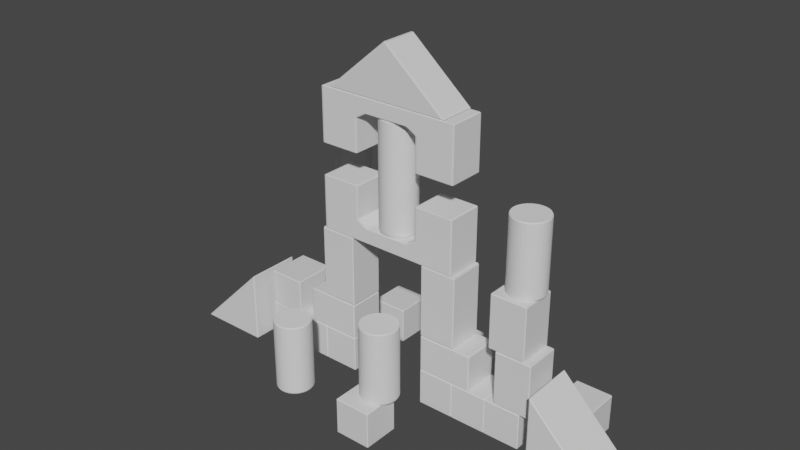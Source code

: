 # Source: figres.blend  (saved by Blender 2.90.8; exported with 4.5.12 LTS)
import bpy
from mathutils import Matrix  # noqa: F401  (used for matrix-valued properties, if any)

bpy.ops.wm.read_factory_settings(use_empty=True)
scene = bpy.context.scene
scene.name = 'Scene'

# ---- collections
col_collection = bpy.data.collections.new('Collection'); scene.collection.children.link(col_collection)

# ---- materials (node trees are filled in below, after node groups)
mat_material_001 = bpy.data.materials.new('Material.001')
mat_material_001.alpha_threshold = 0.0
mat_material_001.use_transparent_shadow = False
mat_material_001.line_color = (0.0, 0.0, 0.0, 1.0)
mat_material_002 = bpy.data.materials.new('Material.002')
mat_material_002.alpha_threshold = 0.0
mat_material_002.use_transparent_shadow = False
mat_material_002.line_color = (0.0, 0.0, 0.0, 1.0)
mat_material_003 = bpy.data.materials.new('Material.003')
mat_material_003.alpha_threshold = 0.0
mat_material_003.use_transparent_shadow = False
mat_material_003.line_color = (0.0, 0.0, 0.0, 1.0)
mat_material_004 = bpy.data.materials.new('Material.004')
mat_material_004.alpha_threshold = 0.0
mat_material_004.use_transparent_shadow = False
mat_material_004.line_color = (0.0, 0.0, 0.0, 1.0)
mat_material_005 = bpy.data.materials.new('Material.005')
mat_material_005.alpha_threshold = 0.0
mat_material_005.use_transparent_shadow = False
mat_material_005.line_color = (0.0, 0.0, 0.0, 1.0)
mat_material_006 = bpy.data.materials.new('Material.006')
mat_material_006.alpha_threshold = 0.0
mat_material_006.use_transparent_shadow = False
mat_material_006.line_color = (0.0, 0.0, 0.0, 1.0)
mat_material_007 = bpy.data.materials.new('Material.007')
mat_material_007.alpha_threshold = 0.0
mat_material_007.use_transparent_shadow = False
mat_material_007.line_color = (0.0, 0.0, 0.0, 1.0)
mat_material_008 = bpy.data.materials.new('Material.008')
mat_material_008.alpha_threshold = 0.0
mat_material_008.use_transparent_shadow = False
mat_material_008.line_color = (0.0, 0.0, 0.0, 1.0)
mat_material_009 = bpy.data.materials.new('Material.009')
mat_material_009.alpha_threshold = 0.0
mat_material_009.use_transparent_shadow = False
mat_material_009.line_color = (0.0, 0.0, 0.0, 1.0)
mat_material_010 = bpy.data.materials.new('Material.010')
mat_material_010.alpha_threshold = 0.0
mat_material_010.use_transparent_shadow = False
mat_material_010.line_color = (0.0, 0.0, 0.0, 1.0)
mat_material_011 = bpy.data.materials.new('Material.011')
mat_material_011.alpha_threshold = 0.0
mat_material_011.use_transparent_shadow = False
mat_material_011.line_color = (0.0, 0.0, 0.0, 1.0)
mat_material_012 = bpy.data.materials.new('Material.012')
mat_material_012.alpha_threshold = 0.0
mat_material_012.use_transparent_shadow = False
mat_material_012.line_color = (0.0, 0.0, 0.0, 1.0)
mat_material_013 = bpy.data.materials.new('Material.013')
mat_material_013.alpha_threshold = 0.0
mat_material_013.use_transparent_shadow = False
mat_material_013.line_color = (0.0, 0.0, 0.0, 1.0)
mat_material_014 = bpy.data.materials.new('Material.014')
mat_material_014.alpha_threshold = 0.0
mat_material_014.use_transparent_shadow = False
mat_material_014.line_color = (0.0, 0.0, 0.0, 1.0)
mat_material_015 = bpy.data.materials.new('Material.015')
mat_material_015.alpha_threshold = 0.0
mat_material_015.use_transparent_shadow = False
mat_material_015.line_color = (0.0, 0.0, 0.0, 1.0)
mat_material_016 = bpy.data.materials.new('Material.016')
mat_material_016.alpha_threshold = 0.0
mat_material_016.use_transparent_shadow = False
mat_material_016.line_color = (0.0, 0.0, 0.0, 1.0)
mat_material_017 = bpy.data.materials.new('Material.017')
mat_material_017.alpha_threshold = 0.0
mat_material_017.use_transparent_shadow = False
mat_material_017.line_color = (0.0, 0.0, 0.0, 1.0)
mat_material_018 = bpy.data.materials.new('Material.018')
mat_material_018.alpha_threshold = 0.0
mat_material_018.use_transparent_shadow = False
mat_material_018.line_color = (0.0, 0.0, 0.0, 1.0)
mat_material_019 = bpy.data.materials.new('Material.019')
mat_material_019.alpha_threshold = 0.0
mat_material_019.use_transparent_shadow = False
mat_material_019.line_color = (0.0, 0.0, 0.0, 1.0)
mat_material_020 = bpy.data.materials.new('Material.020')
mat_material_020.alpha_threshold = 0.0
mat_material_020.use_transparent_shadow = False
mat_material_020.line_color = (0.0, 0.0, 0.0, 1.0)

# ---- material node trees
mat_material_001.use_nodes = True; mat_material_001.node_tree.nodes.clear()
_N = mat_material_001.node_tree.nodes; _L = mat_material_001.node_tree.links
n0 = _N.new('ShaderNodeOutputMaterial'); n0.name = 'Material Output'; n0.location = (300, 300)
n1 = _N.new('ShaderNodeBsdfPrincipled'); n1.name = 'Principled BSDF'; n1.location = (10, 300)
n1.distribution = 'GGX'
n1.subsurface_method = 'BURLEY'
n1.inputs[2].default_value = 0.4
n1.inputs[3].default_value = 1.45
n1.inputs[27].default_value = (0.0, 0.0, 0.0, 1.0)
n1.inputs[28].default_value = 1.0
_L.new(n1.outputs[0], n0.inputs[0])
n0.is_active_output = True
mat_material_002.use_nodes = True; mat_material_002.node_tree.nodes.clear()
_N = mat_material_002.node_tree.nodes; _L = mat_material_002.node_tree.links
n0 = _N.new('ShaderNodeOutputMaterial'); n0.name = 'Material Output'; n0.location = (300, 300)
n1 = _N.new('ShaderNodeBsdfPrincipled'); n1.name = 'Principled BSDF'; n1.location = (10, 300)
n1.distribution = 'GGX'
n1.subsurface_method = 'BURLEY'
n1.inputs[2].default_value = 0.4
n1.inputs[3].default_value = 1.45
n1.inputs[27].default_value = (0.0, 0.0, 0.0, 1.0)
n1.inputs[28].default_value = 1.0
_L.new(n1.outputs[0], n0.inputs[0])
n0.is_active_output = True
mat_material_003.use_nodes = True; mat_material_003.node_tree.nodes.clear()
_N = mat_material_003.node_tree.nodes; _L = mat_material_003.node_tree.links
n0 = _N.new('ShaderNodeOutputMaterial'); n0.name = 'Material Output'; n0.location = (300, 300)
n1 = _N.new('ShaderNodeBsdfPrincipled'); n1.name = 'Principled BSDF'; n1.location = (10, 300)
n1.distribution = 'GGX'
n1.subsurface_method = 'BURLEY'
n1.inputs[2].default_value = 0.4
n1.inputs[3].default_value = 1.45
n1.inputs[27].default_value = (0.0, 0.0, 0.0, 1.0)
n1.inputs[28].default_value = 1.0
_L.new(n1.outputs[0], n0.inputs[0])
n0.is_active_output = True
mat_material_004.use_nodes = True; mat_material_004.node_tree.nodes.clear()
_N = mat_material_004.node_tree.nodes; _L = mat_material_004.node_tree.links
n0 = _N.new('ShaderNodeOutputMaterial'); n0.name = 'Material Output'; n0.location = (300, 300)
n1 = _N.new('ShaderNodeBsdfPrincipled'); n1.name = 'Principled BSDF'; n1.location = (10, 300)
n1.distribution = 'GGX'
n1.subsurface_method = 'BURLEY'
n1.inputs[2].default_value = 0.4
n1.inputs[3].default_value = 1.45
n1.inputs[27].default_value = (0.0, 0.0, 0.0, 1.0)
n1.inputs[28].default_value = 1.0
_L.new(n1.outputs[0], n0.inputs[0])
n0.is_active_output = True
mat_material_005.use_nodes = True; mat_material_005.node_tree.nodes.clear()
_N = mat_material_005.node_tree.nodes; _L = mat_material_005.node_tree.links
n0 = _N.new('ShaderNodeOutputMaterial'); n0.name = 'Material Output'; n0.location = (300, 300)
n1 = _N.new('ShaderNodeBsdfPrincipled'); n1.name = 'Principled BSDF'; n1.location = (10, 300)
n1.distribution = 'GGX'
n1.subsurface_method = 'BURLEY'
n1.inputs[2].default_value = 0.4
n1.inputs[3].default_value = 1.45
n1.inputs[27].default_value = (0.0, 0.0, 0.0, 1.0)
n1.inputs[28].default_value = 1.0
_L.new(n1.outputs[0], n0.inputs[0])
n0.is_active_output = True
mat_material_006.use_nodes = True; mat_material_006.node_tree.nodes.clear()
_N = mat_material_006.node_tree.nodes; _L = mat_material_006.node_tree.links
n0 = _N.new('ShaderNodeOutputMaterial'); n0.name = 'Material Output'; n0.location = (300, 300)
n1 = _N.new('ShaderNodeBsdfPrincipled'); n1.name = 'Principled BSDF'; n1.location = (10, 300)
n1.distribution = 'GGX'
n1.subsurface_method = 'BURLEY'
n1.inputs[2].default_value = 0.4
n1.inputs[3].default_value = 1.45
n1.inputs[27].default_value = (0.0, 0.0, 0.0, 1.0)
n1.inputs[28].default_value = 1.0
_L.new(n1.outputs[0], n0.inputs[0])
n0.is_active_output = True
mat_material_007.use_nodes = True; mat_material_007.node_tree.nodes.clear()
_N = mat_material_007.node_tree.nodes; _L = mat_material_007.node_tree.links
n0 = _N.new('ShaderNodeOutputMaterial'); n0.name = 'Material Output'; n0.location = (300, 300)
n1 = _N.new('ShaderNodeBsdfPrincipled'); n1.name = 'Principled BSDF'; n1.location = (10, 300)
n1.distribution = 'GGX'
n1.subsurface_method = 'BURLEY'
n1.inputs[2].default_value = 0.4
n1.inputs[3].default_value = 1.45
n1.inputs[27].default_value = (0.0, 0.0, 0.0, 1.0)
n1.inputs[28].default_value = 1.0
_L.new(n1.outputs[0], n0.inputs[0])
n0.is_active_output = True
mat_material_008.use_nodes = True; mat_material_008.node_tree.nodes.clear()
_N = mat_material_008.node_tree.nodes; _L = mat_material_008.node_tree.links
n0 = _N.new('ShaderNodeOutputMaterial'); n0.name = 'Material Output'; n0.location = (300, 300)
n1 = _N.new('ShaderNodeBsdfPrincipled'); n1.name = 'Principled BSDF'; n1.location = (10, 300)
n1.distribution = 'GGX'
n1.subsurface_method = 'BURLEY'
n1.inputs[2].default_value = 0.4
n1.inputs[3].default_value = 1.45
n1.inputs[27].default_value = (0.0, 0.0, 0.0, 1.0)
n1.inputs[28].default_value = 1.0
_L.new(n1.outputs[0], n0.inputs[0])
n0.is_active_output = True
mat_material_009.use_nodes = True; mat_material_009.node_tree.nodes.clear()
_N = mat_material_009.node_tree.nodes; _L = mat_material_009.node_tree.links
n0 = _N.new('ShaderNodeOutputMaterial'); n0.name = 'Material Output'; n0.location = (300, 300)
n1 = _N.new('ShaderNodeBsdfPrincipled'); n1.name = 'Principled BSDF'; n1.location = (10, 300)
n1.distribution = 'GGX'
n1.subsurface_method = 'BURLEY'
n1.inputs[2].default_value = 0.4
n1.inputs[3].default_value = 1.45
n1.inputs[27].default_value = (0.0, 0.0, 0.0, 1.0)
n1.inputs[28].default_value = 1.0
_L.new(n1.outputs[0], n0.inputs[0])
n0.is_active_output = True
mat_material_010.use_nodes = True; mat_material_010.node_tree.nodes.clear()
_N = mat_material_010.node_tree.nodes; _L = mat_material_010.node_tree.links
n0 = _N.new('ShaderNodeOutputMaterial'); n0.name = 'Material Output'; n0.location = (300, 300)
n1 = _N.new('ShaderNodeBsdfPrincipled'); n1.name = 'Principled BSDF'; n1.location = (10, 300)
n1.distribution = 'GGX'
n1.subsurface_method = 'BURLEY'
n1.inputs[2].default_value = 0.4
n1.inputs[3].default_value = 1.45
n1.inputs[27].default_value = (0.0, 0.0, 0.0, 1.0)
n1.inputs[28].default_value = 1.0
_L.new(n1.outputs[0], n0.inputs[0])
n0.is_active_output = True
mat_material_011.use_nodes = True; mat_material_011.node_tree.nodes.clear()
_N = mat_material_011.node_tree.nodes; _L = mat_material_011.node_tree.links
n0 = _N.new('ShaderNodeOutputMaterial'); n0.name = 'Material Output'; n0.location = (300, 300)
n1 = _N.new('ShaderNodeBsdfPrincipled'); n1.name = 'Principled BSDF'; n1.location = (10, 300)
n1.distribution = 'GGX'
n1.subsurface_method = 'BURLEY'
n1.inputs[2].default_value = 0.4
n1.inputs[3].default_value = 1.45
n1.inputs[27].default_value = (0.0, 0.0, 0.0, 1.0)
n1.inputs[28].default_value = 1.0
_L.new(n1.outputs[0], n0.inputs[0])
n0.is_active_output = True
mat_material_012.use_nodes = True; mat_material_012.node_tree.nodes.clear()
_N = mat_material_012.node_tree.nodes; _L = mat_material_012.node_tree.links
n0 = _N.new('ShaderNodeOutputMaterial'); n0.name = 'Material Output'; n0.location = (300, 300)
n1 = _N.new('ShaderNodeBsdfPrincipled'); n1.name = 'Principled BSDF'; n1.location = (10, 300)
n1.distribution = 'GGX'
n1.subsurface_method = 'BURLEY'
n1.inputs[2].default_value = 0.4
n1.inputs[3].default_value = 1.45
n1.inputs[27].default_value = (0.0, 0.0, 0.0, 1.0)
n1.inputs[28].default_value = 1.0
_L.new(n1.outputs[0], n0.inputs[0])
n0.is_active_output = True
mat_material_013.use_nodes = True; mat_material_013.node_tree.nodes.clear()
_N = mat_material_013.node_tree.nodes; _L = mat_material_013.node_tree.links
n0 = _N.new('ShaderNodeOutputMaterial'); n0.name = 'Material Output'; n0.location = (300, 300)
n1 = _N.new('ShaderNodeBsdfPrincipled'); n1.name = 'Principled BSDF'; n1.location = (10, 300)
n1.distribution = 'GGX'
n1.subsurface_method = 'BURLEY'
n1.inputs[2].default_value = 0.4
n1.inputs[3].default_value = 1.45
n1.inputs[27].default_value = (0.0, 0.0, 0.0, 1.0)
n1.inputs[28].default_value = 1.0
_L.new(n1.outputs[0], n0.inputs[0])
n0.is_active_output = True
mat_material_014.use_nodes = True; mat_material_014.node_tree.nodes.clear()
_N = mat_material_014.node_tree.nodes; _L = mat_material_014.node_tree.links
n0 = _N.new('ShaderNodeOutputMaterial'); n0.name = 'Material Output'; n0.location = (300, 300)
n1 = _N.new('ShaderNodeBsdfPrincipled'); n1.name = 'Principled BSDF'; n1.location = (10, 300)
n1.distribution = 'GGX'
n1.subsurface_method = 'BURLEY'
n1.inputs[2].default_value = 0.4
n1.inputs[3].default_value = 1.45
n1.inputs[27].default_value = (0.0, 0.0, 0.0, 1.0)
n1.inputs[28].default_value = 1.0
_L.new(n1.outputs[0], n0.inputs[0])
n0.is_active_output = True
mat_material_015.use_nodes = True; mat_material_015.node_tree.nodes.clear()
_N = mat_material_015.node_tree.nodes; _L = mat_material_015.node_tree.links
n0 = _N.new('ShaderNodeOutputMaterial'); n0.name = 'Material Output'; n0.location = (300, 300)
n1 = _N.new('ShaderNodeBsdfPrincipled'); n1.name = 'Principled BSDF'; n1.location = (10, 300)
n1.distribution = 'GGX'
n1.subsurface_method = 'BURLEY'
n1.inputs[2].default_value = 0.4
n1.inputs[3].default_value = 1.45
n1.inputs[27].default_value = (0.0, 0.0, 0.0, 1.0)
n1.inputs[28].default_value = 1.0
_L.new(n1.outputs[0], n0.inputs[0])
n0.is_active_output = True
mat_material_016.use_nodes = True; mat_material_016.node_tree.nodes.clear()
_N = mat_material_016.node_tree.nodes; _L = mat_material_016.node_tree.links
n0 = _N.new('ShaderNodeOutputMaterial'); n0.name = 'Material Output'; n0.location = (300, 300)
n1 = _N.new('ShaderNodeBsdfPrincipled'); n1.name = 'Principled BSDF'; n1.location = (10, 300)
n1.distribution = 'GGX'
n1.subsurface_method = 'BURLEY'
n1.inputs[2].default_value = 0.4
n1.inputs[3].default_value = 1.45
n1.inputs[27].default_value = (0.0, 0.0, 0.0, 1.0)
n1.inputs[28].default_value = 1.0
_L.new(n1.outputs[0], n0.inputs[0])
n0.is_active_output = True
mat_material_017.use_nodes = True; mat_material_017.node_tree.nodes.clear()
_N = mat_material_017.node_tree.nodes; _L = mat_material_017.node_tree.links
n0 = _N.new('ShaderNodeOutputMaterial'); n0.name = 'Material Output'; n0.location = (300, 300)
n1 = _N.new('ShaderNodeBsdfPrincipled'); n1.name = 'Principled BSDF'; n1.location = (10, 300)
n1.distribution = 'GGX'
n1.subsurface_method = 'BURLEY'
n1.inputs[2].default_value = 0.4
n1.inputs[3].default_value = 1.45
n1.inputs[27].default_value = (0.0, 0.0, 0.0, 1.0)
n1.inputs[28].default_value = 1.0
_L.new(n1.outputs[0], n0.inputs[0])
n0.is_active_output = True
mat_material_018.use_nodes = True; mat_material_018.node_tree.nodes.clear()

+--

**REQUIRED WORK**
Copy, exactly and only, the lines above that begin with the one containing "mat_material_015.use_transparent_shadow = False" and finish with the one containing "mat_material_019.use_transparent_shadow = False".

**ANSWER AREA**
mat_material_015.use_transparent_shadow = False
mat_material_015.line_color = (0.0, 0.0, 0.0, 1.0)
mat_material_016 = bpy.data.materials.new('Material.016')
mat_material_016.alpha_threshold = 0.0
mat_material_016.use_transparent_shadow = False
mat_material_016.line_color = (0.0, 0.0, 0.0, 1.0)
mat_material_017 = bpy.data.materials.new('Material.017')
mat_material_017.alpha_threshold = 0.0
mat_material_017.use_transparent_shadow = False
mat_material_017.line_color = (0.0, 0.0, 0.0, 1.0)
mat_material_018 = bpy.data.materials.new('Material.018')
mat_material_018.alpha_threshold = 0.0
mat_material_018.use_transparent_shadow = False
mat_material_018.line_color = (0.0, 0.0, 0.0, 1.0)
mat_material_019 = bpy.data.materials.new('Material.019')
mat_material_019.alpha_threshold = 0.0
mat_material_019.use_transparent_shadow = False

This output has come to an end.